I want to find the coordinates of center of the inscribed circle triangle $ABC$, where $A(-274,-253)$, $B(-1,7)$, $C(14,7)$. I tried
First way. We have $c = AB=377$, $a = BC=15$, $b = AC=388$. Let $I(x,y)$ be the center, using the formulas $$a \overrightarrow{IA} + b\overrightarrow{IB}+c\overrightarrow{IC}=\overrightarrow{0}$$ we have the system of equations $$\begin{cases} 15(-274-x)+388(-1-x)+377(14-x)=0\\ 15(-253-y)+388(7-y)+377(7-y)=0 \end{cases}.$$ Solve this system of equations, we get $I(1,2)$.
Second way.
- The equation of the line $AB$ is $260x-273y+2171 = 0$.
- The equation of the line $AB$ is $260x-288y-1624 = 0$.
- The equation of the line $BC$ is $y = 7$.
- The equation of the bisector of the interior at the vertex $A$ is $255x-275y+295 = 0$.
- The equation of the bisector of the interior at the vertex $B$ is $5x+2y-9 = 0$.
- The center $I$ is the intersection point of two bisectors, there for we solve the system $$\begin{cases} 255x-275y+295 = 0\\ 5x+2y-9 = 0 \end{cases}.$$ and get $I(1,2)$.
Third way. Using the formulas $$(x_I,y_I)=\left(\frac{ax_a+bx_b+cx_c}{a+b+c},\frac{ay_a+by_b+cy_c}{a+b+c}\right)$$
Are there another ways?
I don't know how many ways there are exactly. But I can tell you another solution.
Letting $|F|$ be the area of a figure $F$, we have
$$|ABC|=|IAB|+|IBC|+|ICA|=\frac 12\times r\times (AB+BC+CA)$$ where $r$ is the radious of the inscribed circle.

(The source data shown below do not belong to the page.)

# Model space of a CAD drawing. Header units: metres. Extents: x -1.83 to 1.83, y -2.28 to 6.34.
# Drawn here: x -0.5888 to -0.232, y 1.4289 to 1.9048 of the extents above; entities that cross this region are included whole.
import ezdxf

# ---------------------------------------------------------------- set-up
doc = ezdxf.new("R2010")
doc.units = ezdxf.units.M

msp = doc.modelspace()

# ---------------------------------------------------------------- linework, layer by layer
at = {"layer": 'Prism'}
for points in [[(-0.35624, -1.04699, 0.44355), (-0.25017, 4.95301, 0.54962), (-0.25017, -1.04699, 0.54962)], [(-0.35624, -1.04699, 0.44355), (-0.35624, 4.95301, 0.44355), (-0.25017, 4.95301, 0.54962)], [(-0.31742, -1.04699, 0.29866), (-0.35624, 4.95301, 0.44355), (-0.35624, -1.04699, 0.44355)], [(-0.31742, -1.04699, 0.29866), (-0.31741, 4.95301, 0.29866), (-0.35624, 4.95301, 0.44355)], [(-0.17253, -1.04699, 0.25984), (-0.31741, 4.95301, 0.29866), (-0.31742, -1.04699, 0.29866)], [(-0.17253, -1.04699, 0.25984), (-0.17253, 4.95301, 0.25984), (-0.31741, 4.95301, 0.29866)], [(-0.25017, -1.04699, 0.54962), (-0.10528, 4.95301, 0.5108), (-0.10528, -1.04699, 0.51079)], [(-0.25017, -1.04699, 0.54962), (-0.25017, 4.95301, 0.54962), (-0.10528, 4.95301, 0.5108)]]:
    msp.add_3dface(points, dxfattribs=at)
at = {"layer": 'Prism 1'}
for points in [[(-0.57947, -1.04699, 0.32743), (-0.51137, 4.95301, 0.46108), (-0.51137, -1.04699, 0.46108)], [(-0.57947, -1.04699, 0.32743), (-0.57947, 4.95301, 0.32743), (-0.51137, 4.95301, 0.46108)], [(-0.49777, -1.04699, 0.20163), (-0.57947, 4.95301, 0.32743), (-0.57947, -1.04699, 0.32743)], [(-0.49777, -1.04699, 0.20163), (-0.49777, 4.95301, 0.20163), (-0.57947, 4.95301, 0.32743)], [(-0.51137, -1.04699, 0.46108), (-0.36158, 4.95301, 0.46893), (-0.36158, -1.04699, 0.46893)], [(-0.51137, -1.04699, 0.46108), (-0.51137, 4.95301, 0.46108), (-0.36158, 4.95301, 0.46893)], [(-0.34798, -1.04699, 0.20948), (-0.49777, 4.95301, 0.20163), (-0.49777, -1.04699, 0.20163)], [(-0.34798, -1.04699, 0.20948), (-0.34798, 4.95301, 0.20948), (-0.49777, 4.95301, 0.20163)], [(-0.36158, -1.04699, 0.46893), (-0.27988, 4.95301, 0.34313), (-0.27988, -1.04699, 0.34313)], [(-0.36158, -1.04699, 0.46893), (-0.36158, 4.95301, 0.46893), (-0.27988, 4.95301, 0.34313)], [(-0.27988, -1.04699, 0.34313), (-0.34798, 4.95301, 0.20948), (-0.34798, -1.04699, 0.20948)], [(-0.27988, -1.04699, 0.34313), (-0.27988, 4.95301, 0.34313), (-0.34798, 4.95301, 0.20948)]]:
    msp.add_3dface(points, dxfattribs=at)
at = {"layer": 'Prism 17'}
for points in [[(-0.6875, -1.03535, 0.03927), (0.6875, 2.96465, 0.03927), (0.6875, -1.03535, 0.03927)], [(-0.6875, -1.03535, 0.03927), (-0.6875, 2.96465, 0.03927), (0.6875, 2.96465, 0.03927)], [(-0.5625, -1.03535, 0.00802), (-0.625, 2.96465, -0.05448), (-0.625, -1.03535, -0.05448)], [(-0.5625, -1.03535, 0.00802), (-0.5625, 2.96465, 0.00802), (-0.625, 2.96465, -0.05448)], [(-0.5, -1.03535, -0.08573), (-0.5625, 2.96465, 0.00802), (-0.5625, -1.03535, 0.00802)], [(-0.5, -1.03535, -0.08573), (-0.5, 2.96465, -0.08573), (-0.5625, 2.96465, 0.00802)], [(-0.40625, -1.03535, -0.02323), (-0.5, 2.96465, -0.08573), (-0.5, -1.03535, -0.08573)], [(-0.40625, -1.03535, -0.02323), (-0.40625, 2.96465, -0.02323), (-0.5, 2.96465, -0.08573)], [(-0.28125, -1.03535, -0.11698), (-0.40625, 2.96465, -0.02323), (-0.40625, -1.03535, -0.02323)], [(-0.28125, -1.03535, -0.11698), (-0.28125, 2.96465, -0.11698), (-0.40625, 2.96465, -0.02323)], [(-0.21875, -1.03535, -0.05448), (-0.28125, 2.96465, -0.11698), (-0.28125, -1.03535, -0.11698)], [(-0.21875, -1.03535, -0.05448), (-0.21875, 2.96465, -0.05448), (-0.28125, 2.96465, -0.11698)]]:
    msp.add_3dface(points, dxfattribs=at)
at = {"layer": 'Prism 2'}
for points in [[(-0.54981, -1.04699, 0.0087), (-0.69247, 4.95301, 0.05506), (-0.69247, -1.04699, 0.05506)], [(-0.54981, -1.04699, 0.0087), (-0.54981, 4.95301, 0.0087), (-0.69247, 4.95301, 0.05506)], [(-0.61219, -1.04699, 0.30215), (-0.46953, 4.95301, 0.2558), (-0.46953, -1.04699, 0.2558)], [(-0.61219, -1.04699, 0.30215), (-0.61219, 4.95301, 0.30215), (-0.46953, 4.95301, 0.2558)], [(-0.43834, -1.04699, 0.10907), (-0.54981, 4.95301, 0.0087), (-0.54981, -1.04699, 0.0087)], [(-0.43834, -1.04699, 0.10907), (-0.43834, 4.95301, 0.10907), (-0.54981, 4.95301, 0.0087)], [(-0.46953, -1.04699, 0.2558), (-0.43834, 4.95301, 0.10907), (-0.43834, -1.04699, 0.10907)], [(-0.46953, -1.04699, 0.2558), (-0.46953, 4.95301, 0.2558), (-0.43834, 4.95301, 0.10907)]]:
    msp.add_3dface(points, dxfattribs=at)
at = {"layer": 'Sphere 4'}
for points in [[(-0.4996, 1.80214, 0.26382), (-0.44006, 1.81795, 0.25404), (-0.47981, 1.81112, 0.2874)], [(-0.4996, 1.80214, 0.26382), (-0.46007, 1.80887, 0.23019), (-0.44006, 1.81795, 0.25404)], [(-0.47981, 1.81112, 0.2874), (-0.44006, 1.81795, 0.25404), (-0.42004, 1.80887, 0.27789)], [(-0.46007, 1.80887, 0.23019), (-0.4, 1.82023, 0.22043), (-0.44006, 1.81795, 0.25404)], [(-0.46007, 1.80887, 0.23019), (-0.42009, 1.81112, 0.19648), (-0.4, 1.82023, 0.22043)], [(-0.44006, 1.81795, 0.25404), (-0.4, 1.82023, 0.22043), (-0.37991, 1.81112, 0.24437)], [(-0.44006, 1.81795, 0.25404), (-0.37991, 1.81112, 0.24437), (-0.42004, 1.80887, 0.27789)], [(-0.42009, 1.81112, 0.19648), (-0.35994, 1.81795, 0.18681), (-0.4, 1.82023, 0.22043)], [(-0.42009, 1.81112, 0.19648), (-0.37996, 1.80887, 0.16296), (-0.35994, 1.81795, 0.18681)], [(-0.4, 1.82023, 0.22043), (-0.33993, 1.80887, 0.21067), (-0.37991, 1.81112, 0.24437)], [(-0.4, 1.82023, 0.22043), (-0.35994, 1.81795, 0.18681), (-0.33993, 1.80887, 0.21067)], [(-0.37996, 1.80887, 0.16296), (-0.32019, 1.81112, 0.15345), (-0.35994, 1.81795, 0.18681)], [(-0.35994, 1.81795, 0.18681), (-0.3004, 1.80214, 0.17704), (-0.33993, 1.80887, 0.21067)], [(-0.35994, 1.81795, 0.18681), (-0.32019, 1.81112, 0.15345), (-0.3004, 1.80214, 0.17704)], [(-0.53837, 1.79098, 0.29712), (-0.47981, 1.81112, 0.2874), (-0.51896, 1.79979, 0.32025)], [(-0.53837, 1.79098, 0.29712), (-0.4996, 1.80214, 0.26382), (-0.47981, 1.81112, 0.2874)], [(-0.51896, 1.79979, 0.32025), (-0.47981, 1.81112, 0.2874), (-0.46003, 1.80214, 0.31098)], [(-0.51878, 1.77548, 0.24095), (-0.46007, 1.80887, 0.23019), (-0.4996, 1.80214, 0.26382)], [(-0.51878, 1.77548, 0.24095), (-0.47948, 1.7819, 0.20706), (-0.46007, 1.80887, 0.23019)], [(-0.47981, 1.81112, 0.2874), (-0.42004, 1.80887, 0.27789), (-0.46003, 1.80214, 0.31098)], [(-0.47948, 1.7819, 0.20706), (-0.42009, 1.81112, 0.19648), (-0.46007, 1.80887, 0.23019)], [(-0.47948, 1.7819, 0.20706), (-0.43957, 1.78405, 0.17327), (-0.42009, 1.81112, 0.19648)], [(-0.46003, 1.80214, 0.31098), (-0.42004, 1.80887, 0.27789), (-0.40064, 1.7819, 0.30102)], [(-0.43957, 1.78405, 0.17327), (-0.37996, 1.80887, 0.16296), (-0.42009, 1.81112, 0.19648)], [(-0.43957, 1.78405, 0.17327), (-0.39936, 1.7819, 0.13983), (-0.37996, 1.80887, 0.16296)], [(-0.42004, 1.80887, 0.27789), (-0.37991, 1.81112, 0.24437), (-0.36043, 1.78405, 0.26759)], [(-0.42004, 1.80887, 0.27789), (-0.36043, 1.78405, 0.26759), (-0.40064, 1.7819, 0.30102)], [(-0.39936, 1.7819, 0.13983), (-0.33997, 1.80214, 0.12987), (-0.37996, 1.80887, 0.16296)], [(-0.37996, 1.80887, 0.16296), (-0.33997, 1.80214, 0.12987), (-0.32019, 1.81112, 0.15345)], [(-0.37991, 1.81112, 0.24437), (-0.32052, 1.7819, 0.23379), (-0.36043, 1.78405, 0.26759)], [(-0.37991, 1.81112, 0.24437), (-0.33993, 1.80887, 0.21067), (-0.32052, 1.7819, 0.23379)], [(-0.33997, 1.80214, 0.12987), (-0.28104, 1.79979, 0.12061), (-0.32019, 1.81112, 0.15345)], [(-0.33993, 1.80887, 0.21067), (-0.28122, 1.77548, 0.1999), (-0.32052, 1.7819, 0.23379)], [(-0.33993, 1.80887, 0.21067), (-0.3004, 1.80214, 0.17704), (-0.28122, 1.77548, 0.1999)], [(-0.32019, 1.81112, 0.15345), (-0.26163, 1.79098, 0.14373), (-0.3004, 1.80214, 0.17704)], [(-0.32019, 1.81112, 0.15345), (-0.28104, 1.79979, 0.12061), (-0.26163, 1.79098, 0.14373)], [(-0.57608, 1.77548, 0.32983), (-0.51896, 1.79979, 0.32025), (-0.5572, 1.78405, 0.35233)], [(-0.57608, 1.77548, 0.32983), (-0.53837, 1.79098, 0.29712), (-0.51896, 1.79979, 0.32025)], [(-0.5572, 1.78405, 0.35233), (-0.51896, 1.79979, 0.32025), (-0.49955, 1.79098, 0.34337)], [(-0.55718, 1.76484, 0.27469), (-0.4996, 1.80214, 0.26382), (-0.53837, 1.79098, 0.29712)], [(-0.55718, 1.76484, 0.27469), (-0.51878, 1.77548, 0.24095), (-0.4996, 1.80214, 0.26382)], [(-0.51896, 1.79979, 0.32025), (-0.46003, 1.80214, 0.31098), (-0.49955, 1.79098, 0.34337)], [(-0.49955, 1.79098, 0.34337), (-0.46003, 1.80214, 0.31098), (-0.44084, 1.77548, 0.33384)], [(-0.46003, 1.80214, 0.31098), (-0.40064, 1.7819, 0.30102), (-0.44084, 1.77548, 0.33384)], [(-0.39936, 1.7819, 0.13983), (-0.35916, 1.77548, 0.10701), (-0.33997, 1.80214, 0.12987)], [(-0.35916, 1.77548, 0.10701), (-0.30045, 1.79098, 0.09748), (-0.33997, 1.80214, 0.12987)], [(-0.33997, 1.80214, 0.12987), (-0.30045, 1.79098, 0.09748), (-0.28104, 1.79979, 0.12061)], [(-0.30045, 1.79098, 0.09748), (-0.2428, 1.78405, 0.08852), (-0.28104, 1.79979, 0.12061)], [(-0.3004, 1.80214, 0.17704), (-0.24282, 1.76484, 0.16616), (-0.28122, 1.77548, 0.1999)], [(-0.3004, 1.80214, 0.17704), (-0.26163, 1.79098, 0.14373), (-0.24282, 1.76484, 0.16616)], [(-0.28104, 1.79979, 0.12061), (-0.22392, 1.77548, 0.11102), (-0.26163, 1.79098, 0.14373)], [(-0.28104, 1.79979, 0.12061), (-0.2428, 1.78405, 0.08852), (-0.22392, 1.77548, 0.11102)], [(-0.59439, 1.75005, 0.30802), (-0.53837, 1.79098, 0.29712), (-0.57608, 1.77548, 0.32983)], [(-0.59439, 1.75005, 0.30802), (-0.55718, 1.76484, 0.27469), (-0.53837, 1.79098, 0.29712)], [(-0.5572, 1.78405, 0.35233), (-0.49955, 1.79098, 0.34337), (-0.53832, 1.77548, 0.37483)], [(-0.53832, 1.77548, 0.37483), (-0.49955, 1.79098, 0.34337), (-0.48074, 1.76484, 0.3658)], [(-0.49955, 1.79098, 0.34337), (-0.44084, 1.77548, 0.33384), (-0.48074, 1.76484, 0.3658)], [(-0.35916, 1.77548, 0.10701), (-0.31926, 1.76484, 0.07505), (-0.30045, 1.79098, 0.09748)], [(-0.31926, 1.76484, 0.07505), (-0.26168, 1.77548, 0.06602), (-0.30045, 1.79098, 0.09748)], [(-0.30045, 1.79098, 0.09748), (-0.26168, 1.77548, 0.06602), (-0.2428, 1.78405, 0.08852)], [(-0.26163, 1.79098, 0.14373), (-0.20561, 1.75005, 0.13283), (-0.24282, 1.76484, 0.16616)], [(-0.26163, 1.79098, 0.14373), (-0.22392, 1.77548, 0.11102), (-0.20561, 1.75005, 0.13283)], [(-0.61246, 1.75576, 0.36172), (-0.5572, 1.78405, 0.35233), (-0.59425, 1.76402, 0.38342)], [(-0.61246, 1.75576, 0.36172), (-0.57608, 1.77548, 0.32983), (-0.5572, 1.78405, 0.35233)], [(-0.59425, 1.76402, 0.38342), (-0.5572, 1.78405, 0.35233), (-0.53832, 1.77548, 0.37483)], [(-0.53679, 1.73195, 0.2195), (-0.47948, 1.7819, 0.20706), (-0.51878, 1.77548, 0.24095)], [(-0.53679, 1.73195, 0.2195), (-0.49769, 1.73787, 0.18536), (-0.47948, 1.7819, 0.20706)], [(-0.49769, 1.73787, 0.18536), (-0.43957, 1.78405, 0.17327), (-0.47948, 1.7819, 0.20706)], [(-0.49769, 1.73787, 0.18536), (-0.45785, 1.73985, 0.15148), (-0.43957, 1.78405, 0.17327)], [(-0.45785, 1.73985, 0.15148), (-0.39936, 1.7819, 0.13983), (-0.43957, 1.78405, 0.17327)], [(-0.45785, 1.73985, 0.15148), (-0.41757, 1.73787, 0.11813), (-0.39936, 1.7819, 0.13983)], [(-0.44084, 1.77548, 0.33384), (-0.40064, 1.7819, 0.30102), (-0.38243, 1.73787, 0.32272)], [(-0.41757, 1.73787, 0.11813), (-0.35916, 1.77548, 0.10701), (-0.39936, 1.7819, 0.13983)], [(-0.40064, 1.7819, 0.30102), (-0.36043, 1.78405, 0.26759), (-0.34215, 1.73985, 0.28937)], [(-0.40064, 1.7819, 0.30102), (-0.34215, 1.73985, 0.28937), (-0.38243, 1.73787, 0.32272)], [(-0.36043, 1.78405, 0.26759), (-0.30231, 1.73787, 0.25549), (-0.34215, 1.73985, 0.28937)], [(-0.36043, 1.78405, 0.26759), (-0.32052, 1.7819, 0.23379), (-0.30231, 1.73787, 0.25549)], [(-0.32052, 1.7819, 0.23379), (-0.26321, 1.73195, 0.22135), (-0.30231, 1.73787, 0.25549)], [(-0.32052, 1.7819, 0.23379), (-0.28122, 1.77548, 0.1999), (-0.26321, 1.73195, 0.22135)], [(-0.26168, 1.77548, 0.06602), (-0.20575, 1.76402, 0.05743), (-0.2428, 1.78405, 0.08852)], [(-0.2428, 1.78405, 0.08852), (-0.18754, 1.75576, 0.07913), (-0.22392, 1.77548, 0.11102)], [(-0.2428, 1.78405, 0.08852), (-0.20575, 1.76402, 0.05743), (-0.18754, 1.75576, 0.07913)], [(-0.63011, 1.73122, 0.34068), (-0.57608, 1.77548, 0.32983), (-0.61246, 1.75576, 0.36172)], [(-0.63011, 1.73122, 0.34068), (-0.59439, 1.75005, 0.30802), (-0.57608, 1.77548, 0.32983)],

Since we can get $|ABC|, AB+BC+CA$, we get $r$. So we now know that the distance between $I$ and the line $AB$ is $r$, and that the distance between $I$ and the line $BC$ is also $r$. Then, calculation will tell you the coordinate of $I$.
As you may notice, this solution is not very good. I'm writing this because you seem to be interested in another solution. To be honest, I would not use my solution unless the shape of the given triangle is something special.